» PROBLEM DESCRIPTION: Across the records below, how many lines contain the string "mechanical"? Give the number by itself.

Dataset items
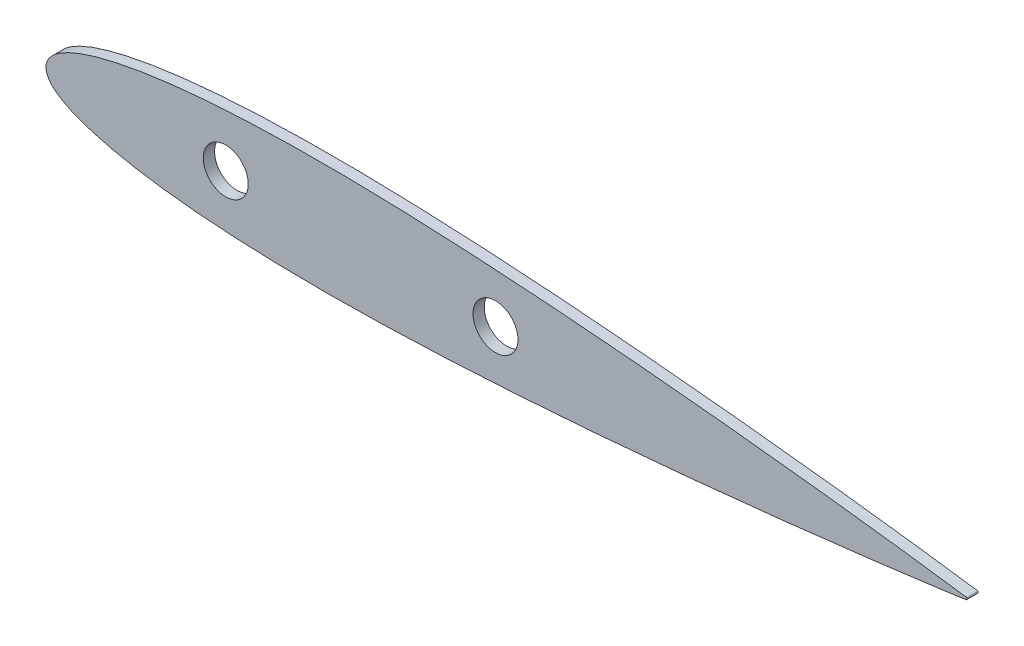
ISO-10303-21;
HEADER;
FILE_DESCRIPTION(('STEP AP214'),'2;1');
FILE_NAME('part.step','',(''),(''),'','','');
FILE_SCHEMA(('AUTOMOTIVE_DESIGN { 1 0 10303 214 1 1 1 1 }'));
ENDSEC;
DATA;
#1=APPLICATION_CONTEXT('core data for automotive mechanical design processes');
#2=APPLICATION_PROTOCOL_DEFINITION('international standard','automotive_design',2000,#1);
#3=PRODUCT_CONTEXT('',#1,'mechanical');
#4=PRODUCT('Part','Part','',(#3));
#5=PRODUCT_RELATED_PRODUCT_CATEGORY('part','',(#4));
#6=PRODUCT_DEFINITION_FORMATION('','',#4);
#7=PRODUCT_DEFINITION_CONTEXT('part definition',#1,'design');
#8=PRODUCT_DEFINITION('design','',#6,#7);
#9=PRODUCT_DEFINITION_SHAPE('','',#8);
#10=(LENGTH_UNIT() NAMED_UNIT(*) SI_UNIT(.MILLI.,.METRE.));
#11=(NAMED_UNIT(*) PLANE_ANGLE_UNIT() SI_UNIT($,.RADIAN.));
#12=(NAMED_UNIT(*) SI_UNIT($,.STERADIAN.) SOLID_ANGLE_UNIT());
#13=UNCERTAINTY_MEASURE_WITH_UNIT(LENGTH_MEASURE(1.E-05),#10,'distance_accuracy_value','');
#14=(GEOMETRIC_REPRESENTATION_CONTEXT(3) GLOBAL_UNCERTAINTY_ASSIGNED_CONTEXT((#13)) GLOBAL_UNIT_ASSIGNED_CONTEXT((#10,
#11,#12)) REPRESENTATION_CONTEXT('',''));
#15=CARTESIAN_POINT('',(0.,0.,0.));
#16=DIRECTION('',(0.,0.,1.));
#17=DIRECTION('',(1.,0.,0.));
#18=AXIS2_PLACEMENT_3D('',#15,#16,#17);
#19=CARTESIAN_POINT('',(260.0452,0.327656952,-3.175));
#20=CARTESIAN_POINT('',(259.948670784195,0.408549747677553,-3.175));
#21=CARTESIAN_POINT('',(259.324982782356,0.332171243642446,-3.175));
#22=CARTESIAN_POINT('',(258.214353737037,0.644814395811448,-3.175));
#23=CARTESIAN_POINT('',(256.177607818263,0.838056426580403,-3.175));
#24=CARTESIAN_POINT('',(253.433801737583,1.25277752465824,-3.175));
#25=CARTESIAN_POINT('',(249.899368468041,1.71557857177886,-3.175));
#26=CARTESIAN_POINT('',(245.637065084656,2.28595958580612,-3.175));
#27=CARTESIAN_POINT('',(240.657980822386,2.93072113615442,-3.175));
#28=CARTESIAN_POINT('',(234.998171456179,3.64857952743209,-3.175));
#29=CARTESIAN_POINT('',(228.690715213174,4.42695906665856,-3.175));
#30=CARTESIAN_POINT('',(221.775069318869,5.25532550511811,-3.175));
#31=CARTESIAN_POINT('',(214.293741917655,6.12340468130682,-3.175));
#32=CARTESIAN_POINT('',(206.292803306858,7.01937791457286,-3.175));
#33=CARTESIAN_POINT('',(197.821609940618,7.93230609702059,-3.175));
#34=CARTESIAN_POINT('',(188.932449451795,8.85085054367962,-3.175));
#35=CARTESIAN_POINT('',(179.680104845161,9.76315510334953,-3.175));
#36=CARTESIAN_POINT('',(170.121645127597,10.6564137604457,-3.175));
#37=CARTESIAN_POINT('',(160.31593543523,11.5188998721477,-3.175));
#38=CARTESIAN_POINT('',(150.323538425535,12.3361942143586,-3.175));
#39=CARTESIAN_POINT('',(140.205853007703,13.0949707702111,-3.175));
#40=CARTESIAN_POINT('',(130.025349996519,13.7811422475302,-3.175));
#41=CARTESIAN_POINT('',(119.844755531922,14.3803613927517,-3.175));
#42=CARTESIAN_POINT('',(109.726743668413,14.8774896895826,-3.175));
#43=CARTESIAN_POINT('',(99.7338029241543,15.2592707495278,-3.175));
#44=CARTESIAN_POINT('',(89.9272548198394,15.5132494411289,-3.175));
#45=CARTESIAN_POINT('',(80.3677018216292,15.6270204832243,-3.175));
#46=CARTESIAN_POINT('',(71.1138834274536,15.5915549578003,-3.175));
#47=CARTESIAN_POINT('',(62.2228518404941,15.4000024118945,-3.175));
#48=CARTESIAN_POINT('',(53.7493354187602,15.0475071978748,-3.175));
#49=CARTESIAN_POINT('',(45.7454902798497,14.5331472432107,-3.175));
#50=CARTESIAN_POINT('',(38.2605083474364,13.8584702230233,-3.175));
#51=CARTESIAN_POINT('',(31.3401923826809,13.0287453937439,-3.175));
#52=CARTESIAN_POINT('',(25.0267239290261,12.0510324856845,-3.175));
#53=CARTESIAN_POINT('',(19.3583610781161,10.935542874534,-3.175));
#54=CARTESIAN_POINT('',(14.3683268845989,9.69488969912896,-3.175));
#55=CARTESIAN_POINT('',(10.0849768876198,8.34117087505652,-3.175));
#56=CARTESIAN_POINT('',(6.53007331547073,6.88699441305538,-3.175));
#57=CARTESIAN_POINT('',(3.71495285454541,5.34219850051549,-3.175));
#58=CARTESIAN_POINT('',(1.64394730424783,3.70373418675639,-3.175));
#59=CARTESIAN_POINT('',(0.317485098892859,1.93196329690308,-3.175));
#60=CARTESIAN_POINT('',(-0.147959344049623,0.,-3.175));
#61=CARTESIAN_POINT('',(0.317485098892869,-1.9319632969031,-3.175));
#62=CARTESIAN_POINT('',(1.6439473042478,-3.70373418675636,-3.175));
#63=CARTESIAN_POINT('',(3.71495285454547,-5.34219850051553,-3.175));
#64=CARTESIAN_POINT('',(6.53007331547065,-6.88699441305534,-3.175));
#65=CARTESIAN_POINT('',(10.0849768876199,-8.34117087505654,-3.175));
#66=CARTESIAN_POINT('',(14.3683268845988,-9.69488969912895,-3.175));
#67=CARTESIAN_POINT('',(19.3583610781161,-10.935542874534,-3.175));
#68=CARTESIAN_POINT('',(25.0267239290261,-12.0510324856845,-3.175));
#69=CARTESIAN_POINT('',(31.3401923826808,-13.0287453937439,-3.175));
#70=CARTESIAN_POINT('',(38.2605083474364,-13.8584702230233,-3.175));
#71=CARTESIAN_POINT('',(45.7454902798497,-14.5331472432107,-3.175));
#72=CARTESIAN_POINT('',(53.7493354187601,-15.0475071978748,-3.175));
#73=CARTESIAN_POINT('',(62.2228518404942,-15.4000024118945,-3.175));
#74=CARTESIAN_POINT('',(71.1138834274535,-15.5915549578003,-3.175));
#75=CARTESIAN_POINT('',(80.3677018216292,-15.6270204832243,-3.175));
#76=CARTESIAN_POINT('',(89.9272548198394,-15.5132494411289,-3.175));
#77=CARTESIAN_POINT('',(99.7338029241543,-15.2592707495278,-3.175));
#78=CARTESIAN_POINT('',(109.726743668413,-14.8774896895826,-3.175));
#79=CARTESIAN_POINT('',(119.844755531922,-14.3803613927517,-3.175));
#80=CARTESIAN_POINT('',(130.025349996519,-13.7811422475302,-3.175));
#81=CARTESIAN_POINT('',(140.205853007703,-13.0949707702111,-3.175));
#82=CARTESIAN_POINT('',(150.323538425535,-12.3361942143586,-3.175));
#83=CARTESIAN_POINT('',(160.31593543523,-11.5188998721477,-3.175));
#84=CARTESIAN_POINT('',(170.121645127597,-10.6564137604457,-3.175));
#85=CARTESIAN_POINT('',(179.680104845161,-9.76315510334953,-3.175));
#86=CARTESIAN_POINT('',(188.932449451795,-8.85085054367962,-3.175));
#87=CARTESIAN_POINT('',(197.821609940618,-7.93230609702058,-3.175));
#88=CARTESIAN_POINT('',(206.292803306858,-7.01937791457287,-3.175));
#89=CARTESIAN_POINT('',(214.293741917655,-6.12340468130681,-3.175));
#90=CARTESIAN_POINT('',(221.775069318869,-5.25532550511811,-3.175));
#91=CARTESIAN_POINT('',(228.690715213174,-4.42695906665857,-3.175));
#92=CARTESIAN_POINT('',(234.998171456179,-3.64857952743208,-3.175));
#93=CARTESIAN_POINT('',(240.657980822386,-2.93072113615442,-3.175));
#94=CARTESIAN_POINT('',(245.637065084656,-2.28595958580612,-3.175));
#95=CARTESIAN_POINT('',(249.899368468041,-1.71557857177886,-3.175));
#96=CARTESIAN_POINT('',(253.433801737583,-1.25277752465823,-3.175));
#97=CARTESIAN_POINT('',(256.177607818263,-0.838056426580417,-3.175));
#98=CARTESIAN_POINT('',(258.214353737037,-0.644814395811427,-3.175));
#99=CARTESIAN_POINT('',(259.324982782355,-0.332171243642476,-3.175));
#100=CARTESIAN_POINT('',(260.201526154816,-0.43951509395358,-3.175));
#101=CARTESIAN_POINT('',(260.201526154815,0.196653508170601,-3.175));
#102=CARTESIAN_POINT('',(260.0452,0.327656952,-3.175));
#103=B_SPLINE_CURVE_WITH_KNOTS('',3,(#19,#20,#21,#22,#23,#24,#25,#26,#27,#28,#29,#30,#31,#32,
#33,#34,#35,#36,#37,#38,#39,#40,#41,#42,#43,#44,#45,#46,#47,#48,#49,#50,#51,#52,#53,#54,#55,#56,
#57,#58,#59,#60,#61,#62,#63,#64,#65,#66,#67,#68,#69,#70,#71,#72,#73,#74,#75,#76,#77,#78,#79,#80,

» RESPONSE FOR THIS EXERCISE: 2